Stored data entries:
_____
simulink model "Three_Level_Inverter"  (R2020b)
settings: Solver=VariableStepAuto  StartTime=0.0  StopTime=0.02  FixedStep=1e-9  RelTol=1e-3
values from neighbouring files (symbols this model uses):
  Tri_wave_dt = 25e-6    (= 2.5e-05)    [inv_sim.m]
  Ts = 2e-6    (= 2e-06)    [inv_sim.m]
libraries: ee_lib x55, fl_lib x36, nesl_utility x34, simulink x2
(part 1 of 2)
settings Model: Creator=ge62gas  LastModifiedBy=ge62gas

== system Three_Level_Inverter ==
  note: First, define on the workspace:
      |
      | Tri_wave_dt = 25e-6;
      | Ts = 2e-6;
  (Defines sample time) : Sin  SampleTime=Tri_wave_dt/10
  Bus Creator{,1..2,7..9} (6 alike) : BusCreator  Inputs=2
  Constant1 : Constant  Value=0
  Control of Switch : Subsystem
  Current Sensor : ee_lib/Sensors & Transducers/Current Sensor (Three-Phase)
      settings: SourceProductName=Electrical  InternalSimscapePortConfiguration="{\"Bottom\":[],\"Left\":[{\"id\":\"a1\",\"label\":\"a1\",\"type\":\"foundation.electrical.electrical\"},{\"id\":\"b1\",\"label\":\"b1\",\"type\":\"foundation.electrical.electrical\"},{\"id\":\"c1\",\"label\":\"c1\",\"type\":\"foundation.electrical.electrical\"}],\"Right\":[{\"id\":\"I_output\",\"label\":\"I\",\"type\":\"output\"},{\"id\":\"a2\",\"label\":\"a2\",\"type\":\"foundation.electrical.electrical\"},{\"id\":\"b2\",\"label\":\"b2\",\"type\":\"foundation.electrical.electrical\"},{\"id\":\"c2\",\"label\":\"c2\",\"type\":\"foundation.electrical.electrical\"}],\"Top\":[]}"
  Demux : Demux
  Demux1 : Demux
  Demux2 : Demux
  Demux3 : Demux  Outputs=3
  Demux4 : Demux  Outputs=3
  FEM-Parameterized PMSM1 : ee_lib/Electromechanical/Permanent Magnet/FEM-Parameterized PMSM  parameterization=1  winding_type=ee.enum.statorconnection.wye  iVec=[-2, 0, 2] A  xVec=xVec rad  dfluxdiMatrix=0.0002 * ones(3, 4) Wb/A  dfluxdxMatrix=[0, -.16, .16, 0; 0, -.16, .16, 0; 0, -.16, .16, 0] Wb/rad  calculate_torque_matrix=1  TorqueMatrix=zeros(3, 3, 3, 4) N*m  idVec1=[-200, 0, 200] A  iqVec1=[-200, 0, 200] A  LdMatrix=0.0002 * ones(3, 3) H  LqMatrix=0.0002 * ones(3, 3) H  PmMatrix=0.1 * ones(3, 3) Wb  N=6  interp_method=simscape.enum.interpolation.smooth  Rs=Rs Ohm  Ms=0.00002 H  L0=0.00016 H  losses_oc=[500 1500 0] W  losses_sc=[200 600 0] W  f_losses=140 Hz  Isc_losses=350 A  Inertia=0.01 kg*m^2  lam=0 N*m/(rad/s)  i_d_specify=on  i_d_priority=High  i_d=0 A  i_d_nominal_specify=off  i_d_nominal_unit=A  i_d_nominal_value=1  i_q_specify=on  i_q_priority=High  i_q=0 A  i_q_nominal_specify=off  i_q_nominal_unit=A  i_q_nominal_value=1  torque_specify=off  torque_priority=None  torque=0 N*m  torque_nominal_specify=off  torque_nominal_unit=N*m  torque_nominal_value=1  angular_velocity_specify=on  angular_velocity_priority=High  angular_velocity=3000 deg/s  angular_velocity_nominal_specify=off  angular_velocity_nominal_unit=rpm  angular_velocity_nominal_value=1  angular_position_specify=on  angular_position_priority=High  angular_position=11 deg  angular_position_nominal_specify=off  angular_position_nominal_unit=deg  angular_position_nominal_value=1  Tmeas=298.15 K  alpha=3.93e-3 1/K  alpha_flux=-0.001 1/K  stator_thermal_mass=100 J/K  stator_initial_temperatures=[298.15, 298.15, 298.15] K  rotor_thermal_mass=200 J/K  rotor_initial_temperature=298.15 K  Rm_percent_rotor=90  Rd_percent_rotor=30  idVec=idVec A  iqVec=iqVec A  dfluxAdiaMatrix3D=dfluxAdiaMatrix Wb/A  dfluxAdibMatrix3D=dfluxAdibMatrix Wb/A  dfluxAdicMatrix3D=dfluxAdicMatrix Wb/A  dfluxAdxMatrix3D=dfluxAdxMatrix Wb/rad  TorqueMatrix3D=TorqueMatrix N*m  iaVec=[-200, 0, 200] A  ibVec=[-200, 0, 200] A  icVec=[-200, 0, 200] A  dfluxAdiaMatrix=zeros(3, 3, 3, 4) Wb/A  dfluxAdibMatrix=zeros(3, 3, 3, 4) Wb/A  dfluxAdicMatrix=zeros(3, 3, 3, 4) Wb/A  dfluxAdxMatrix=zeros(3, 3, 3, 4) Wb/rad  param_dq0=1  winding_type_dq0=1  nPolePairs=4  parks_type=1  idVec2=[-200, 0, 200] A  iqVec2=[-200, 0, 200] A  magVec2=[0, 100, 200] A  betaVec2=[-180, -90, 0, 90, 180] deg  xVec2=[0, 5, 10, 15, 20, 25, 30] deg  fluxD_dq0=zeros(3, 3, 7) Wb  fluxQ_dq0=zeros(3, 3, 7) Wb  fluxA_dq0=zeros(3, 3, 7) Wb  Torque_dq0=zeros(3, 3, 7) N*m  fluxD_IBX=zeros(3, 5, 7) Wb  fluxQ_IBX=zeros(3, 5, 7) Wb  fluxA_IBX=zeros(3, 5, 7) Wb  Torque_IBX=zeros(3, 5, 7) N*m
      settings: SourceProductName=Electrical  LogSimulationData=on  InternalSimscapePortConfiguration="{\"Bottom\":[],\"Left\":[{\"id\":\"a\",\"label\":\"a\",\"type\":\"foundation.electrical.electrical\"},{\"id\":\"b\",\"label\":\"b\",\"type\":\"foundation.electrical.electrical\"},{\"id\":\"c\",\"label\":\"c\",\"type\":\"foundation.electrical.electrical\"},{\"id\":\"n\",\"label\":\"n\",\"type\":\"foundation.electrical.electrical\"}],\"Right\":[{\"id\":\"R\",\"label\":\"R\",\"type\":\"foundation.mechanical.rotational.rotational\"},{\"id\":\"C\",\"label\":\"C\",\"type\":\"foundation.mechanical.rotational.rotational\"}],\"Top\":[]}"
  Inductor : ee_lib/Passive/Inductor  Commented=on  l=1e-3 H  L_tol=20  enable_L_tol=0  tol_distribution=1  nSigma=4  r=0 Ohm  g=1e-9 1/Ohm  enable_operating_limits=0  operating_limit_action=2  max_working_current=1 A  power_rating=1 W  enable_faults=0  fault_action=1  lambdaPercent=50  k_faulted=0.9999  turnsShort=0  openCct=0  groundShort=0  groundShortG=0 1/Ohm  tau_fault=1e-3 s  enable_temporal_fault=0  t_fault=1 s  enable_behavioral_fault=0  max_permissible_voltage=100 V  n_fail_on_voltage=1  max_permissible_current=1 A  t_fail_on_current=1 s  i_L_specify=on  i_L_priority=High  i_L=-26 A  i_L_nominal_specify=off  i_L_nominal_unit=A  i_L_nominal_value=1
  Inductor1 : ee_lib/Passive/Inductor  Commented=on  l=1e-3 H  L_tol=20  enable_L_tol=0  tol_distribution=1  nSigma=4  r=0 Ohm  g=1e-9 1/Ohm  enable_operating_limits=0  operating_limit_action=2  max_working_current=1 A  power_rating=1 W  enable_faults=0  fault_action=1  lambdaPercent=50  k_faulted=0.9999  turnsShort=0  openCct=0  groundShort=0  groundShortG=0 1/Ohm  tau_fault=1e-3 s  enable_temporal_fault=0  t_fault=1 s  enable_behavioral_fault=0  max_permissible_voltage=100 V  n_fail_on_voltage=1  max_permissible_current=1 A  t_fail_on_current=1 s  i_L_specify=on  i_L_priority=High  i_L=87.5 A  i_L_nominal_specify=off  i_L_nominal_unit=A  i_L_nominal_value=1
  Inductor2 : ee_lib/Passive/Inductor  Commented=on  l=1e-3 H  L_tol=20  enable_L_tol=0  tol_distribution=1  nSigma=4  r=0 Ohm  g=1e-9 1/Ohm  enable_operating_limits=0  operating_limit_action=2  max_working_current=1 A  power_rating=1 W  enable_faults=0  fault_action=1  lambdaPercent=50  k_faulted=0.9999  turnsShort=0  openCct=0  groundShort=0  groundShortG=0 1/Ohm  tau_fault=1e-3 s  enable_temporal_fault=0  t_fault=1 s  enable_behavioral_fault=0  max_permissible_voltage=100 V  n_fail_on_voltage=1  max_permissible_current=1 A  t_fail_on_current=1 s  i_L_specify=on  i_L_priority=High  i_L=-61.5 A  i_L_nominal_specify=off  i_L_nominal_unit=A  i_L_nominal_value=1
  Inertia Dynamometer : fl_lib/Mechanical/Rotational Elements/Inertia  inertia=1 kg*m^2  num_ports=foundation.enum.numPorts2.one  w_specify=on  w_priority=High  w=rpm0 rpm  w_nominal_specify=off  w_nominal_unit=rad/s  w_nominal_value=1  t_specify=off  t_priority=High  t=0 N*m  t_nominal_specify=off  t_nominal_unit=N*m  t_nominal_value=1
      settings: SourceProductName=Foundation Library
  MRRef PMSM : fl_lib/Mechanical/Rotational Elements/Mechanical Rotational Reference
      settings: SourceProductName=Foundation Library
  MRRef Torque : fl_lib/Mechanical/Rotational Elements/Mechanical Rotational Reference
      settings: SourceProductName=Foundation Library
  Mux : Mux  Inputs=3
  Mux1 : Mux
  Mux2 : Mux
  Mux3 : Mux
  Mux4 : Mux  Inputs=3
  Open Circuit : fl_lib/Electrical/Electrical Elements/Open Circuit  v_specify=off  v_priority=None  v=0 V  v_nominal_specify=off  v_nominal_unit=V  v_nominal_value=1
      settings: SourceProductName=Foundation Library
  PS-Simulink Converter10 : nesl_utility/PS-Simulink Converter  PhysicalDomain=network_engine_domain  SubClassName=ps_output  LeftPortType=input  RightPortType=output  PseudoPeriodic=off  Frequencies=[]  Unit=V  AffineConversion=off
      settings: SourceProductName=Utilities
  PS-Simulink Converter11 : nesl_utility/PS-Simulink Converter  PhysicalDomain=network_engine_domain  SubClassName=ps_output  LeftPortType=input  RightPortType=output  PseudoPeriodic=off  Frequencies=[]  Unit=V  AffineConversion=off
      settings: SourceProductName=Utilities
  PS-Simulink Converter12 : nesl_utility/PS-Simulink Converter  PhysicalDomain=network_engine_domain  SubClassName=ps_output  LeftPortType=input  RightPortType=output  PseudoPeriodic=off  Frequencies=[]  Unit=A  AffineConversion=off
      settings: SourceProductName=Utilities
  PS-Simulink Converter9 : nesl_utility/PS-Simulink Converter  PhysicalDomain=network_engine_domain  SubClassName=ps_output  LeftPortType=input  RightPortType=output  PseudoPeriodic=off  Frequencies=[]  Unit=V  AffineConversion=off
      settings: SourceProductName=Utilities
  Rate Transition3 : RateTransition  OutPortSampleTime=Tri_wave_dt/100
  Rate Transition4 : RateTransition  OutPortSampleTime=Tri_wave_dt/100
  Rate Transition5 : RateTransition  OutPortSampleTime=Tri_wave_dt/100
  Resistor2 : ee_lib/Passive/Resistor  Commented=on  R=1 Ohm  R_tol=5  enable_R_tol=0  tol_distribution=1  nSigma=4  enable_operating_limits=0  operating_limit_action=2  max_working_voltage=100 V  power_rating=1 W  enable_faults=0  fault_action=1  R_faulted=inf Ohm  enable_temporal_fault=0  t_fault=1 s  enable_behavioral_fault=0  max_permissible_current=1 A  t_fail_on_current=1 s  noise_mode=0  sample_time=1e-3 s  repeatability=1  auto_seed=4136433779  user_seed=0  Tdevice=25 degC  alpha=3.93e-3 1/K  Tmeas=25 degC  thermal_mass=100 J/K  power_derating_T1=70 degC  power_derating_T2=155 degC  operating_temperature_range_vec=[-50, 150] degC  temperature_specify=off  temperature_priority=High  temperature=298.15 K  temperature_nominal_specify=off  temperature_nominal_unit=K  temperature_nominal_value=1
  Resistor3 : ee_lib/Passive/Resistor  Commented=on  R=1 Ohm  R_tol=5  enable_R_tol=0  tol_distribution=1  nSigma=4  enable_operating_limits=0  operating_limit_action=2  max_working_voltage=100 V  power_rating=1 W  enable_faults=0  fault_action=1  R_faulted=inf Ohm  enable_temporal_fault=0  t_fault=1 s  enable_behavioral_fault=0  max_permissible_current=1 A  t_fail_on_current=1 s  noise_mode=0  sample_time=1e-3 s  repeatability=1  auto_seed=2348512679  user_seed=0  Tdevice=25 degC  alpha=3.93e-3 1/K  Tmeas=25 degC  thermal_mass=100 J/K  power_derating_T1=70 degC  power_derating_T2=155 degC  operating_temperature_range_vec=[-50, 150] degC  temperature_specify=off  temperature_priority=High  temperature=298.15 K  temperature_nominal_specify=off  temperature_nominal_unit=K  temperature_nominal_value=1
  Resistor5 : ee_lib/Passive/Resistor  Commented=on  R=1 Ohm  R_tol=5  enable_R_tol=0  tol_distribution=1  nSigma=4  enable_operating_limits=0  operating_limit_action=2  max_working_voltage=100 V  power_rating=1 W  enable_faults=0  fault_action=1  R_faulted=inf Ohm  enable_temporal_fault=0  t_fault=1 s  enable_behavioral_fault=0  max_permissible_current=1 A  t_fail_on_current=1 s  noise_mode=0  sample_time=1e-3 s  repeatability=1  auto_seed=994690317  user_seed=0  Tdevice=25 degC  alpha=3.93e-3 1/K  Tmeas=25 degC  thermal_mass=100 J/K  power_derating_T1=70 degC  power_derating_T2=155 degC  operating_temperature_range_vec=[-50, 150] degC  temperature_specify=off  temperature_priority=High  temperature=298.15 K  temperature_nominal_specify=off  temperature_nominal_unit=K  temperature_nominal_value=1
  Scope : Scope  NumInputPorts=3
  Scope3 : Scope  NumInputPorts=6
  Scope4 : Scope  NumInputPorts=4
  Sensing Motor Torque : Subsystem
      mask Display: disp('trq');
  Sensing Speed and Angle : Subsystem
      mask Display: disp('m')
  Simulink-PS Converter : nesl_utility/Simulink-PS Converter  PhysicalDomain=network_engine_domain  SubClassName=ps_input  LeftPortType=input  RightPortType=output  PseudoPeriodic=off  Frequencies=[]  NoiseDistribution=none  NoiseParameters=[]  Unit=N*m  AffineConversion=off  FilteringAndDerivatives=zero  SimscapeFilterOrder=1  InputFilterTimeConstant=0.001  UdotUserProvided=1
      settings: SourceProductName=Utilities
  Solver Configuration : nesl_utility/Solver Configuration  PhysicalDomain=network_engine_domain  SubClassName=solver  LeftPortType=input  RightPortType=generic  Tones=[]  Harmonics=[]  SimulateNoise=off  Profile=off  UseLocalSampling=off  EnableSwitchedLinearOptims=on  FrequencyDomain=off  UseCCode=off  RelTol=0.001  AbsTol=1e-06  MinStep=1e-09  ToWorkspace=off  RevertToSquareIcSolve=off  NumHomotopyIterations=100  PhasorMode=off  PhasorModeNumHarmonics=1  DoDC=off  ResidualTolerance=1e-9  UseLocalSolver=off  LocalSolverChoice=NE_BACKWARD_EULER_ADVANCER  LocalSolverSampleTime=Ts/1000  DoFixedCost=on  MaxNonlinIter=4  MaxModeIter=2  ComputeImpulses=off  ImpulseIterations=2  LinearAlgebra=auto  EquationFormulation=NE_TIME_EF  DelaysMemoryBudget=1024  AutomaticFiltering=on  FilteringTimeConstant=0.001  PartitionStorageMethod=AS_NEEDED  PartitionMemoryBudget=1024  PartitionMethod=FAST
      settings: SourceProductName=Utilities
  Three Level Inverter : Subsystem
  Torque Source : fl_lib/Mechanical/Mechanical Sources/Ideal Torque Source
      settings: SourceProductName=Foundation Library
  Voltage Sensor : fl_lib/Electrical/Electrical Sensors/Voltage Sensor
_____
▸ What the task asks: Taking the entries above, print exactly the lines starting at the line with "Current Sensor : ee_lib/Sensors" and ending at the line with "Demux4 : Demux", both included.

▸ Expected answer:
  Current Sensor : ee_lib/Sensors & Transducers/Current Sensor (Three-Phase)
      settings: SourceProductName=Electrical  InternalSimscapePortConfiguration="{\"Bottom\":[],\"Left\":[{\"id\":\"a1\",\"label\":\"a1\",\"type\":\"foundation.electrical.electrical\"},{\"id\":\"b1\",\"label\":\"b1\",\"type\":\"foundation.electrical.electrical\"},{\"id\":\"c1\",\"label\":\"c1\",\"type\":\"foundation.electrical.electrical\"}],\"Right\":[{\"id\":\"I_output\",\"label\":\"I\",\"type\":\"output\"},{\"id\":\"a2\",\"label\":\"a2\",\"type\":\"foundation.electrical.electrical\"},{\"id\":\"b2\",\"label\":\"b2\",\"type\":\"foundation.electrical.electrical\"},{\"id\":\"c2\",\"label\":\"c2\",\"type\":\"foundation.electrical.electrical\"}],\"Top\":[]}"
  Demux : Demux
  Demux1 : Demux
  Demux2 : Demux
  Demux3 : Demux  Outputs=3
  Demux4 : Demux  Outputs=3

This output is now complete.